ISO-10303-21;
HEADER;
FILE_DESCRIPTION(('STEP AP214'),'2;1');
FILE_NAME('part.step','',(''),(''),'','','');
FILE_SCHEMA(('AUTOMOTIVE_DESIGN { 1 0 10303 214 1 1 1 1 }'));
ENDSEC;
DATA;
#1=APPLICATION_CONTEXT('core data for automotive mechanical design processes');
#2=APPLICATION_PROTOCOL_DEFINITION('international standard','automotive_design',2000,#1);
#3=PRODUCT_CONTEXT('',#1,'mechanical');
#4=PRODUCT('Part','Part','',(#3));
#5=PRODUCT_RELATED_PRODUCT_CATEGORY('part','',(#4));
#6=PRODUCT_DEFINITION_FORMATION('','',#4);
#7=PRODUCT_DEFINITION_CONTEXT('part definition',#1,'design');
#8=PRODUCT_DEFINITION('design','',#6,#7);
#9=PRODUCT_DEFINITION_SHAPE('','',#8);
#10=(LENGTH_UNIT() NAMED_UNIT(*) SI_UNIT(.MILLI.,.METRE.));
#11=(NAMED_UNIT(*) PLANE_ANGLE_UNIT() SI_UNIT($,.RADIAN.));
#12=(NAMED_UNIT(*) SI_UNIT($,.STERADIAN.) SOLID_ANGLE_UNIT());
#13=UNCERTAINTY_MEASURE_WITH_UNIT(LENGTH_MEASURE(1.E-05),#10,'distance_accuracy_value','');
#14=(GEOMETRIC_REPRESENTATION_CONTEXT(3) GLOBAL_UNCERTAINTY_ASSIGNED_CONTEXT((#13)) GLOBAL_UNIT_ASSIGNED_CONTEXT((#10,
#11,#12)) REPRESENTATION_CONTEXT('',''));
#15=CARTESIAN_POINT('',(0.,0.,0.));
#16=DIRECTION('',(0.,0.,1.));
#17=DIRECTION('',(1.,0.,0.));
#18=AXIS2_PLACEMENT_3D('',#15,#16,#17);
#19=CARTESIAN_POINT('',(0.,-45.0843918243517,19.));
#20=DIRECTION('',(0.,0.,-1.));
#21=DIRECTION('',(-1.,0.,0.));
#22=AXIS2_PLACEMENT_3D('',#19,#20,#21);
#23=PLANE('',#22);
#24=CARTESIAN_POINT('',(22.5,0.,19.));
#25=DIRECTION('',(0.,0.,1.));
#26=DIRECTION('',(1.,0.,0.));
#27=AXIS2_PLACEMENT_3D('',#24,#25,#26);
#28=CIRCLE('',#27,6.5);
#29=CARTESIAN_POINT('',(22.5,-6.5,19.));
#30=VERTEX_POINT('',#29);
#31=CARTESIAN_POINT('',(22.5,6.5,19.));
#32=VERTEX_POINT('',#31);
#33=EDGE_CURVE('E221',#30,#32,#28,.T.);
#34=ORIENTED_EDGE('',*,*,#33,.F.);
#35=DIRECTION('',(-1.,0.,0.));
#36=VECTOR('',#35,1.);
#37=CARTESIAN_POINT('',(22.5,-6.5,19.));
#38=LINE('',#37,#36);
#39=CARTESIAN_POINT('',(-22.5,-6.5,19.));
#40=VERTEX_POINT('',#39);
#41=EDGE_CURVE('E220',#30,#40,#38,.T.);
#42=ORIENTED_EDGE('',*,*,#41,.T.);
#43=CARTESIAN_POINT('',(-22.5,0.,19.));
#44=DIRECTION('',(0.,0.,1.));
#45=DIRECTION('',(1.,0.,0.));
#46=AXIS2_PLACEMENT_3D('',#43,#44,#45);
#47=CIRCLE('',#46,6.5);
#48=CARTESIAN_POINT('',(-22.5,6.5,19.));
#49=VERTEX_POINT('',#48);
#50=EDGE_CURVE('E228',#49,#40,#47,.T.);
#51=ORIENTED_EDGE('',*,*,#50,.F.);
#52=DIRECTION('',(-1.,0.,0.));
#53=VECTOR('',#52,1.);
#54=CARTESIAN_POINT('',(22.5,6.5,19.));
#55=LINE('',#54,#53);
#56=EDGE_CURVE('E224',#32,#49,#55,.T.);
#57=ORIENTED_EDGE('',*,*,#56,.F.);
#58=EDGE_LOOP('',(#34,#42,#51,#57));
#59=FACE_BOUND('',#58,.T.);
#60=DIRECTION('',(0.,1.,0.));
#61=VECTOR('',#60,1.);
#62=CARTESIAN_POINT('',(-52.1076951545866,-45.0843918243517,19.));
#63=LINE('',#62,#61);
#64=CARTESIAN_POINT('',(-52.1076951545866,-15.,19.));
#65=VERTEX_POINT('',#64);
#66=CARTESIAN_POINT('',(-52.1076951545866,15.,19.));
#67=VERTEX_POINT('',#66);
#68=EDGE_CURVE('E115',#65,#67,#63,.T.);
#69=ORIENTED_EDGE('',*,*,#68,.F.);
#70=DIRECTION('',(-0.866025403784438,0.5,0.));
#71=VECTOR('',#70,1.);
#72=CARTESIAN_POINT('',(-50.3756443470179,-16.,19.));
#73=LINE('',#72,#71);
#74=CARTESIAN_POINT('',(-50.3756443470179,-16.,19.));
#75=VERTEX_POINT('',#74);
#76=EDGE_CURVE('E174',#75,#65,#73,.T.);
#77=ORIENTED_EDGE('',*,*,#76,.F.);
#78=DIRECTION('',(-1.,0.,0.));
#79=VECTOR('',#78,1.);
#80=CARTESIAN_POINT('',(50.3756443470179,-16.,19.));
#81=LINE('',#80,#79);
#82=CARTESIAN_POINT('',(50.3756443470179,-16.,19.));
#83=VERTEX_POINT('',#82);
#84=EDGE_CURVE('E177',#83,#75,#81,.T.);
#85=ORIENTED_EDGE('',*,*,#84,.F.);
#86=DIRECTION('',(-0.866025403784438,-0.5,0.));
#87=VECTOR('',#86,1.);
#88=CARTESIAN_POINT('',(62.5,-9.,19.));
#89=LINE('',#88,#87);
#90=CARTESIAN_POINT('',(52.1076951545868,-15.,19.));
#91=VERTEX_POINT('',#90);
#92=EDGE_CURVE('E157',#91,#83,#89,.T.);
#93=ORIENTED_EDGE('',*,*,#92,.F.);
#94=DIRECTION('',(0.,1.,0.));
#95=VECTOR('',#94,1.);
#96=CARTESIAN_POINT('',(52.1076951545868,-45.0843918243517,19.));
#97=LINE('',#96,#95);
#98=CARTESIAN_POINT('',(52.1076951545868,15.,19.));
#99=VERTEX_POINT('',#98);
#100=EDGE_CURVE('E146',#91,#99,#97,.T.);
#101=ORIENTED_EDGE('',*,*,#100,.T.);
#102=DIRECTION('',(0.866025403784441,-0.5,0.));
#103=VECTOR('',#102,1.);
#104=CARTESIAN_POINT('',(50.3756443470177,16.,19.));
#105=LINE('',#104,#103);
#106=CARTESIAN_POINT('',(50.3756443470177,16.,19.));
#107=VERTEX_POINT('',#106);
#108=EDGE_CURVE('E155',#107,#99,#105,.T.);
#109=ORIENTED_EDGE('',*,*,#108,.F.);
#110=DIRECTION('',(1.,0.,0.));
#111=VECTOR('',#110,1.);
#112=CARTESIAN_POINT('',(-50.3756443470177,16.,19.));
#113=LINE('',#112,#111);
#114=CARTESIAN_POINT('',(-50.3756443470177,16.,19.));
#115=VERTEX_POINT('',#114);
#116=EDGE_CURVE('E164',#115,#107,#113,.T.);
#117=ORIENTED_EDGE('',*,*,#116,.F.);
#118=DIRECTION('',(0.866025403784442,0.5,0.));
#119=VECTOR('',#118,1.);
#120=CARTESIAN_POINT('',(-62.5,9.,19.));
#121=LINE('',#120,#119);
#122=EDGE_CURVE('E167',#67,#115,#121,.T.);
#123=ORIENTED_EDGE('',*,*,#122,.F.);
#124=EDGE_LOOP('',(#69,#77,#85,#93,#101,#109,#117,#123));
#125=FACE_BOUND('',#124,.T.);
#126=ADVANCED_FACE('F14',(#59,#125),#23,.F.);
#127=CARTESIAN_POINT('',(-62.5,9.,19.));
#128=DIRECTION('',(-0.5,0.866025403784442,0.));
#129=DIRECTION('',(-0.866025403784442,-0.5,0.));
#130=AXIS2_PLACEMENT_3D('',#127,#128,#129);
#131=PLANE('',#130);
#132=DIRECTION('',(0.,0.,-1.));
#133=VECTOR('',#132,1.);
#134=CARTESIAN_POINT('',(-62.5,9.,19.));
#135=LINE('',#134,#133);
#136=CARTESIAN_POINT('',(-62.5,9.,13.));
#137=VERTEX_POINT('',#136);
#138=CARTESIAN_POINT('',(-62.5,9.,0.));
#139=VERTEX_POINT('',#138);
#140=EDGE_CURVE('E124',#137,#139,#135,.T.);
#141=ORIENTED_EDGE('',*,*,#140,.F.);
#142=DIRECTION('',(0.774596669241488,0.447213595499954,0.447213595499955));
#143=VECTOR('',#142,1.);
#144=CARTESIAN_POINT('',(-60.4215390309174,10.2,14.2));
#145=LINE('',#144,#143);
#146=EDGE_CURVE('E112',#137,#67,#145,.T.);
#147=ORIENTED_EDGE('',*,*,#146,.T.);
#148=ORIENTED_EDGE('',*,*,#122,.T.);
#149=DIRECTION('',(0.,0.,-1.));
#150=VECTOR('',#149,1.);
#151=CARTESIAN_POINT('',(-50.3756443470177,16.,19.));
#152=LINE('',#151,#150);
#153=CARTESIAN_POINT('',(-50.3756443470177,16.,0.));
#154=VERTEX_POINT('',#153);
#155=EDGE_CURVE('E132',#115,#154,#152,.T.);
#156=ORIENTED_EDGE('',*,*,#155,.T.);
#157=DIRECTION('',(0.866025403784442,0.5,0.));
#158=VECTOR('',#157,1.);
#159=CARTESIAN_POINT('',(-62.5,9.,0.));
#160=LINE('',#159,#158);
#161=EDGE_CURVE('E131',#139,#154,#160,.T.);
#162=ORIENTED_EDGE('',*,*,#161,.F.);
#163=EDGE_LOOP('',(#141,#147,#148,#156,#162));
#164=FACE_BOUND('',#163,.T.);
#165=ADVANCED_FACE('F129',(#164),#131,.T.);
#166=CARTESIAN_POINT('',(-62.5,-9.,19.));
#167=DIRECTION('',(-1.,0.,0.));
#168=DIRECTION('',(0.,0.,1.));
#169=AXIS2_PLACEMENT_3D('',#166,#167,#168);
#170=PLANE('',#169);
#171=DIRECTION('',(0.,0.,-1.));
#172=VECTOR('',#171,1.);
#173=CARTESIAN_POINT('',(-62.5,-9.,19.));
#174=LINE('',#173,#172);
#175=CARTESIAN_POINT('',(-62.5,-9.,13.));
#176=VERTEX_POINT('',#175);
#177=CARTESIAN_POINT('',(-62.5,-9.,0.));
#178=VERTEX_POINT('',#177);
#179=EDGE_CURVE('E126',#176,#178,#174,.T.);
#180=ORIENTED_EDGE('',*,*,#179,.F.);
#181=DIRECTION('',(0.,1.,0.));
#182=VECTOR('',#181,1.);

# # #

▸ **Goal of the exercise**
Nothing beyond the lines from the start of the entries through the line with "#4=PRODUCT('Part','Part','',(#3));" should appear. Repeat those lines exactly, both ends included.

▸ **Solution for this problem**
ISO-10303-21;
HEADER;
FILE_DESCRIPTION(('STEP AP214'),'2;1');
FILE_NAME('part.step','',(''),(''),'','','');
FILE_SCHEMA(('AUTOMOTIVE_DESIGN { 1 0 10303 214 1 1 1 1 }'));
ENDSEC;
DATA;
#1=APPLICATION_CONTEXT('core data for automotive mechanical design processes');
#2=APPLICATION_PROTOCOL_DEFINITION('international standard','automotive_design',2000,#1);
#3=PRODUCT_CONTEXT('',#1,'mechanical');
#4=PRODUCT('Part','Part','',(#3));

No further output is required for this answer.